The downside to UTF-8 and -16 is that a given amount of bytes can contain a varying amount of characters, so you have to parse text before you can work with it - you can’t even know if it’s safe to cut and paste at a given byte position without parsing back a few bytes, and you have to be very pessimistic when allocating memory for a given amount of characters. The compromise solution is UCS2, which is like UTF-16 in using two bytes per character, but does not support escapes: If you want to use a three or four-byte character, that’s just too bad. UCS2 is easy to work with - 100 characters take 200 bytes, and the lower 64k of unicode contains enough characters to write decent text in most (or all?) modern languages. It’s popular as a low-level replacement for ASCII, so you’ll find it in everything from windows internals to EFI bootcode.

(Technically speaking, UCS-2 has been deprecated since 1996, but valid UCS-2 is valid UTF-16, and valid UTF-16 that doesn’t use 3- or 4-byte codepoints is valid UCS-2. That and the amount of code that expects UCS-2 means it’ll be around for a while.)

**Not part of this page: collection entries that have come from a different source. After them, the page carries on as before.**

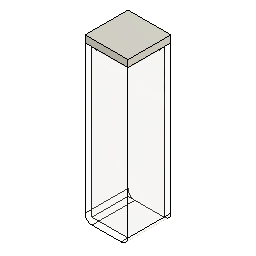
Quartz Couvette v1 (Autodesk Fusion 360 design; units mm, degrees)
Autodesk Fusion 360 part; units mm, degrees
sketch "Sketch1" plane through (0, 0, 0) normal (0, 0, 1) x (1, 0, 0)
sketch "Sketch2" plane through (0, 0, 0) normal (0, 0, 1) x (1, 0, 0)
box "BoxPrimitive1" add length 12.5 width 12.5 height 45 placed x (0, 1, 0) y (-1, 0, 0) z (0, 0, 1) at (12.5, 0, 0) makes body 1
shell "Shell1" thickness 1 removed faces 1 at (4.1667, 4.1667, 45) on bodies 1
fillet "Fillet1" radius 2 2 edges at (0, 6.25, 0) (12.5, 6.25, 0) on bodies 1
box "BoxPrimitive2" add length 12.5 width 12.5 height 2 placed x (0, 1, 0) y (-1, 0, 0) z (0, 0, 1) at (5.6776, 0, 0) separate body makes body 2
box "BoxPrimitive3" add length 9.5 width 9.5 height 2 placed x (0, -1, 0) y (1, 0, 0) z (0, 0, 1) at (-4, 9, 2) separate body makes body 3
move_body "Align1" bodies 3 to x (1, 0, 0) y (0, -1, 0) z (0, 0, -1) at (-1.3224, 10.5, 6)
box "BoxPrimitive4" add length 7.5 width 7.5 height 2 placed x (0, -1, 0) y (1, 0, 0) z (0, 0, 1) at (-4, 9.5, 4) separate body makes body 4
move_body "Align2" bodies 4 to x (1, 0, 0) y (0, 1, 0) z (0, 0, 1) at (-0.3224, 0.5, -2)
combine "Combine1" operation cut target body 3 tool bodies 4
fillet "Fillet2" radius 0.5 4 edges at (4.1776, 6.25, 4) (-0.5724, 1.5, 4) (-5.3224, 6.25, 4) (-0.5724, 11, 4) on bodies 3
combine "Combine2" operation add target body 2 tool bodies 3
move_body "Move1" bodies 2 to x (1, 0, 0) y (0, -1, 0) z (0, 0, -1) at (0, 0, 0)
move_body "Move2" bodies 2 to x (1, 0, 0) y (0, 1, 0) z (0, 0, 1) at (1, 6, 0)
move_body "Move3" bodies 2 to x (1, 0, 0) y (0, 1, 0) z (0, 0, 1) at (-0.4276, 0.25, 0)
copy_body "Body->Comp1" bodies 2 removing the originals makes body 5 in component "Couvette Lid"
move_body "Move4" bodies 1 to x (1, 0, 0) y (0, 1, 0) z (0, 0, 1) at (-6.25, -6.25, 0)
copy_body "Body->Comp2" bodies 1 removing the originals makes body 6 in component "Couvette 12.5x12.5x45"
move_body "Align1'" bodies 5 to x (1, 0, 0) y (0, 1, 0) z (0, 0, 1) at (0, 0, 47) in component "Couvette Lid"
component "Couvette Lid" placed x (1, 0, 0) y (0, 1, 0) z (0, 0, 1) at (0, 0, 0)
component "Couvette 12.5x12.5x45" placed x (1, 0, 0) y (0, 1, 0) z (0, 0, 1) at (0, 0, 0)

There are also formats that use 4 bytes per character as standard; convenient enough if you’re actually going to wring every possible use out of unicode.

4 Likes

And of course the unicode convention is that it does NOT encode “glypfs” but characters. Different typefaces can represent the same letters with different characters. eg. 7 sometimes has a line through the middle, sometimes a lower case “a” has a line at that top and sometimes it does not. OTOH, sometimes the same glypfs can represent different characters. eg old typewriters usually didn’t have a character for the number one, the lower case “L” was used instead.
So presentation forms are not part of the unicode scheme. The idea was that those would be implemented by the software rather than within the character encoding.

1 Like

Thanks for asking that question. You triggered several informative answers.

2 Likes

Another illustration of the glypf vs letter divide and how that is related to fonts is blackletter (aka gothic lettering) Now a set of blackletter characters IS included in unicode, but it is in the section for mathematical symbols, because blackletter style letters ares used as a distinct set of symbols in some mathematical equations. You are supposed to encode blackletter text within the normal Latin character range and use a a blackletter font.

This topic was automatically closed after 5 days. New replies are no longer allowed.